Go through the data and report each line that holds the string "Continuous".

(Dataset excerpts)
────────────────────────────────────────

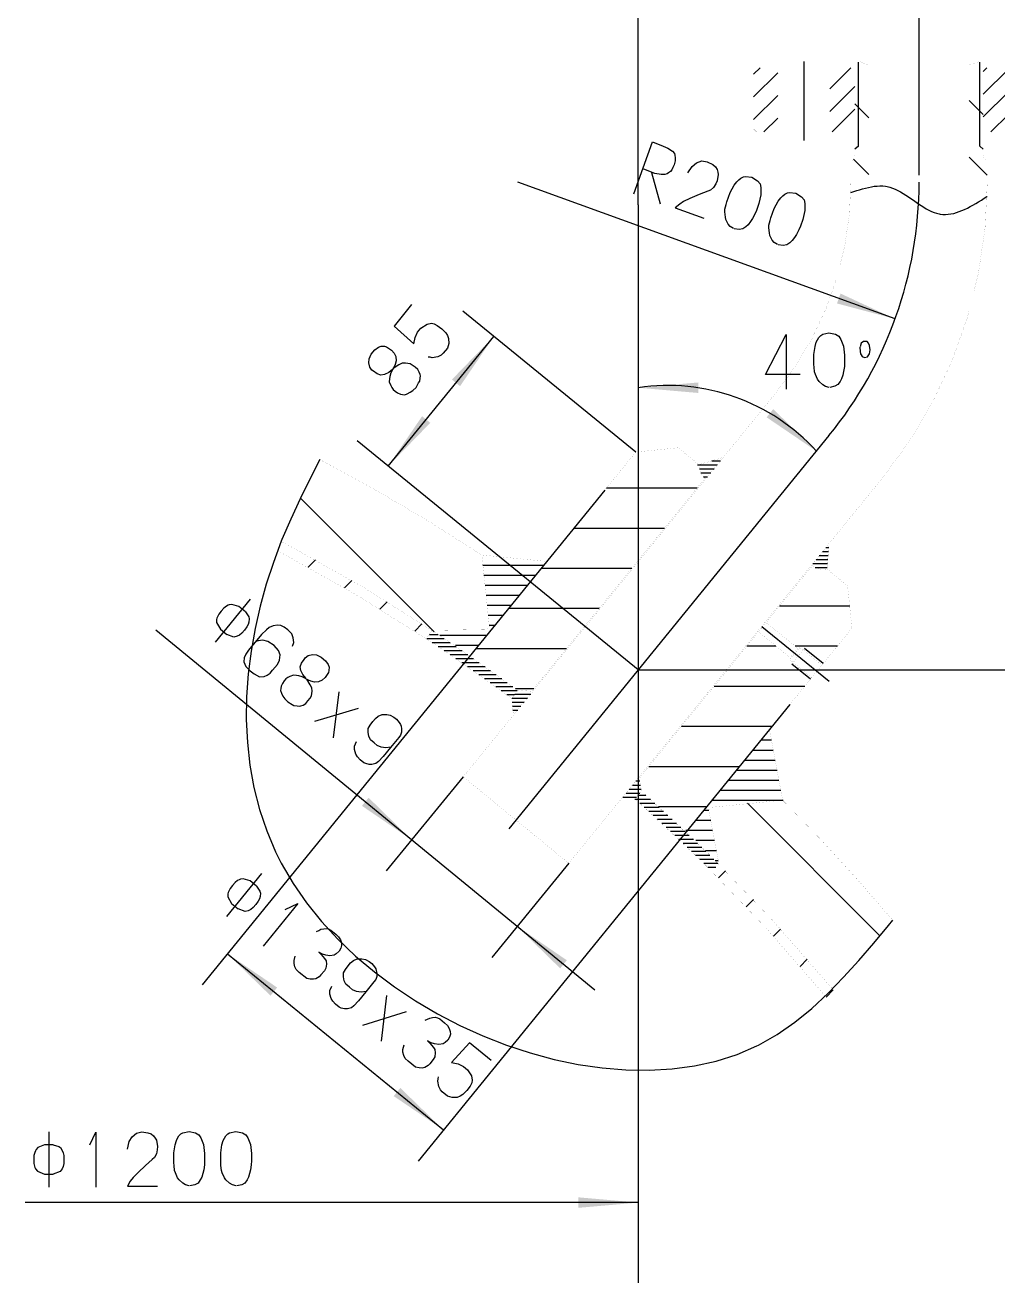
# Model space of a CAD drawing. Extents: x 0 to 8410, y 0 to 11890.
# Drawn here: x 1027 to 1512, y 631 to 1258 of the extents above; entities that cross this region are included whole.
import ezdxf

# ---------------------------------------------------------------- set-up
doc = ezdxf.new("R2010")
doc.units = 0
doc.header["$MEASUREMENT"] = 0
doc.layers.add('6', color=7, linetype='Continuous')
doc.layers.add('7', color=7, linetype='Continuous')

# ---------------------------------------------------------------- blocks, each defined once
blk = doc.blocks.new('BLKENT45')
at = {"layer": '6', "color": 2, "linetype": 'Continuous'}
for p, q in [((1330.13, 1173.71), (1339.53, 1199.64)), ((1339.53, 1199.64), (1344.82, 1197.58)), ((1344.82, 1197.58), (1347.09, 1196.6)), ((1347.09, 1196.6), (1349.43, 1195.01)), ((1349.43, 1195.01), (1350.4, 1193.91)), ((1350.4, 1193.91), (1350.68, 1193.07)), ((1350.68, 1193.07), (1350.76, 1191.7)), ((1350.76, 1191.7), (1350.72, 1190.23)), ((1340.64, 1183.9), (1335.09, 1186.06)), ((1348.41, 1184.95), (1347.48, 1184.25)), ((1349.09, 1185.75), (1348.41, 1184.95)), ((1349.69, 1186.87), (1349.09, 1185.75)), ((1350.26, 1188.16), (1349.69, 1186.87)), ((1350.72, 1190.23), (1350.26, 1188.16)), ((1357.09, 1184.19), (1359.24, 1187.43)), ((1359.24, 1187.43), (1361.43, 1189.17)), ((1361.43, 1189.17), (1364.03, 1190.17)), ((1364.03, 1190.17), (1366.71, 1189.79)), ((1366.71, 1189.79), (1369.49, 1188.33)), ((1369.49, 1188.33), (1370.85, 1187.24)), ((1370.85, 1187.24), (1371.64, 1185.92)), ((1371.64, 1185.92), (1372.03, 1184.58)), ((1372.03, 1184.58), (1372.16, 1183.34)), ((1338.95, 1184.36), (1343.24, 1168.81)), ((1343.75, 1183.37), (1340.64, 1183.9)), ((1344.14, 1183.38), (1343.75, 1183.37)), ((1345.63, 1183.43), (1344.14, 1183.38)), ((1346.72, 1183.78), (1345.63, 1183.43)), ((1347.48, 1184.25), (1346.72, 1183.78)), ((1370.97, 1178.71), (1369.96, 1176.99)), ((1371.72, 1180.23), (1370.97, 1178.71)), ((1372.16, 1183.34), (1371.72, 1180.23)), ((1380.17, 1178.06), (1381.49, 1179.81)), ((1381.49, 1179.81), (1382.52, 1180.78)), ((1382.52, 1180.78), (1383.51, 1181.61)), ((1383.51, 1181.61), (1384.79, 1182.19)), ((1384.79, 1182.19), (1385.84, 1182.41)), ((1385.84, 1182.41), (1389, 1182)), ((1389, 1182), (1391.86, 1180.22)), ((1391.86, 1180.22), (1393.08, 1178.74)), ((1393.08, 1178.74), (1393.5, 1176.95)), ((1362.71, 1173.37), (1358.12, 1171.46)), ((1367.03, 1175.08), (1362.71, 1173.37)), ((1368.31, 1175.66), (1367.03, 1175.08)), ((1369.96, 1176.99), (1368.31, 1175.66)), ((1376.6, 1169.82), (1378.27, 1174.43)), ((1378.27, 1174.43), (1380.17, 1178.06)), ((1393.56, 1173.35), (1392.55, 1168.96)), ((1393.5, 1176.95), (1393.56, 1173.35)), ((1403.43, 1171.86), (1404.46, 1172.83)), ((1404.46, 1172.83), (1405.44, 1173.66)), ((1405.44, 1173.66), (1406.72, 1174.24)), ((1406.72, 1174.24), (1407.78, 1174.45)), ((1407.78, 1174.45), (1410.94, 1174.05)), ((1410.94, 1174.05), (1413.8, 1172.27)), ((1413.8, 1172.27), (1415.01, 1170.79)), ((1353.03, 1168.69), (1350.79, 1166.82)), ((1350.79, 1166.82), (1364.99, 1161.67)), ((1354.94, 1169.93), (1353.03, 1168.69)), ((1358.12, 1171.46), (1354.94, 1169.93)), ((1375.57, 1166.17), (1376.21, 1168.47)), ((1375.57, 1164.83), (1375.57, 1166.17)), ((1376.21, 1168.47), (1376.6, 1169.82)), ((1392.55, 1168.96), (1391.3, 1165.53)), ((1398.54, 1161.87), (1400.21, 1166.47)), ((1400.21, 1166.47), (1402.11, 1170.1)), ((1402.11, 1170.1), (1403.43, 1171.86)), ((1415.01, 1170.79), (1415.43, 1169)), ((1415.43, 1169), (1415.49, 1165.4)), ((1375.8, 1162.22), (1375.57, 1164.83)), ((1376.1, 1160.92), (1375.8, 1162.22)), ((1377.25, 1158.72), (1376.1, 1160.92)), ((1388.3, 1159.92), (1387.16, 1158.4)), ((1389.35, 1161.48), (1388.3, 1159.92)), ((1390.55, 1163.72), (1389.35, 1161.48)), ((1391.3, 1165.53), (1390.55, 1163.72)), ((1397.51, 1158.22), (1398.15, 1160.52)), ((1398.15, 1160.52), (1398.54, 1161.87)), ((1414.48, 1161), (1413.24, 1157.58)), ((1415.49, 1165.4), (1414.48, 1161)), ((1378.25, 1157.46), (1377.25, 1158.72)), ((1379.83, 1156.44), (1378.25, 1157.46)), ((1382.69, 1156), (1380.18, 1156.31)), ((1384.44, 1156.26), (1382.69, 1156)), ((1386, 1157.33), (1384.44, 1156.26)), ((1387.16, 1158.4), (1386, 1157.33)), ((1397.51, 1156.88), (1397.51, 1158.22)), ((1397.73, 1154.27), (1397.51, 1156.88)), ((1398.04, 1152.97), (1397.73, 1154.27)), ((1411.28, 1153.53), (1410.23, 1151.97)), ((1412.49, 1155.77), (1411.28, 1153.53)), ((1413.24, 1157.58), (1412.49, 1155.77)), ((1399.19, 1150.76), (1398.04, 1152.97)), ((1400.19, 1149.51), (1399.19, 1150.76)), ((1401.77, 1148.49), (1400.19, 1149.51)), ((1404.63, 1148.05), (1402.11, 1148.36)), ((1406.37, 1148.31), (1404.63, 1148.05)), ((1407.93, 1149.38), (1406.37, 1148.31)), ((1409.1, 1150.45), (1407.93, 1149.38)), ((1410.23, 1151.97), (1409.1, 1150.45))]:
    blk.add_line(p, q, dxfattribs=at)
at = {"layer": '6', "color": 1, "linetype": 'Continuous'}
blk.add_line((1460.43, 1111.43), (1272.41, 1179.6), dxfattribs=at)
blk.add_solid([(1460.43, 1111.43), (1431.44, 1119.16), (1433.23, 1124.08)], dxfattribs=at)
blk = doc.blocks.new('BLKENT46')
at = {"layer": '6', "color": 2, "linetype": 'Continuous'}
for p, q in [((1395.8, 1083.74), (1406.04, 1103.62)), ((1406.04, 1103.62), (1406.04, 1076.46)), ((1422.42, 1102.22), (1423.43, 1103.2)), ((1423.43, 1103.2), (1424.34, 1103.76)), ((1424.34, 1103.76), (1427.46, 1104.46)), ((1427.46, 1104.46), (1430.75, 1103.76)), ((1430.75, 1103.76), (1432.4, 1102.78)), ((1419.95, 1093.68), (1420.5, 1097.74)), ((1420.5, 1097.74), (1421.14, 1099.84)), ((1421.14, 1099.84), (1421.78, 1101.1)), ((1421.78, 1101.1), (1422.42, 1102.22)), ((1432.4, 1102.78), (1433.4, 1101.24)), ((1433.4, 1101.24), (1434.68, 1097.88)), ((1434.68, 1097.88), (1435.23, 1093.4)), ((1442.92, 1097.32), (1443.01, 1095.22)), ((1443.56, 1099.28), (1443.01, 1097.6)), ((1444.66, 1100.26), (1443.56, 1099.28)), ((1446.49, 1100.12), (1444.66, 1100.26)), ((1447.22, 1099.28), (1446.49, 1100.12)), ((1447.68, 1098.16), (1447.22, 1099.28)), ((1447.95, 1096.06), (1447.68, 1098.16)), ((1419.95, 1088.78), (1419.95, 1093.68)), ((1435.23, 1093.4), (1435.23, 1089.76)), ((1443.01, 1095.22), (1443.19, 1094.1)), ((1443.19, 1094.1), (1443.47, 1093.54)), ((1443.47, 1093.54), (1444.02, 1092.7)), ((1444.02, 1092.7), (1445.21, 1092.14)), ((1445.21, 1092.14), (1446.67, 1092.56)), ((1446.67, 1092.56), (1447.68, 1094.1)), ((1447.68, 1094.1), (1447.95, 1096.06)), ((1420.04, 1087.38), (1419.95, 1088.78)), ((1420.23, 1085), (1420.04, 1087.38)), ((1420.68, 1083.74), (1420.23, 1085)), ((1434.78, 1085.28), (1434.32, 1083.46)), ((1435.14, 1087.8), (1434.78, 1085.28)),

────────────────────────────────────────

**The completed task:**
doc.layers.add('6', color=7, linetype='Continuous')
doc.layers.add('7', color=7, linetype='Continuous')
at = {"layer": '6', "color": 2, "linetype": 'Continuous'}
at = {"layer": '6', "color": 1, "linetype": 'Continuous'}
at = {"layer": '6', "color": 2, "linetype": 'Continuous'}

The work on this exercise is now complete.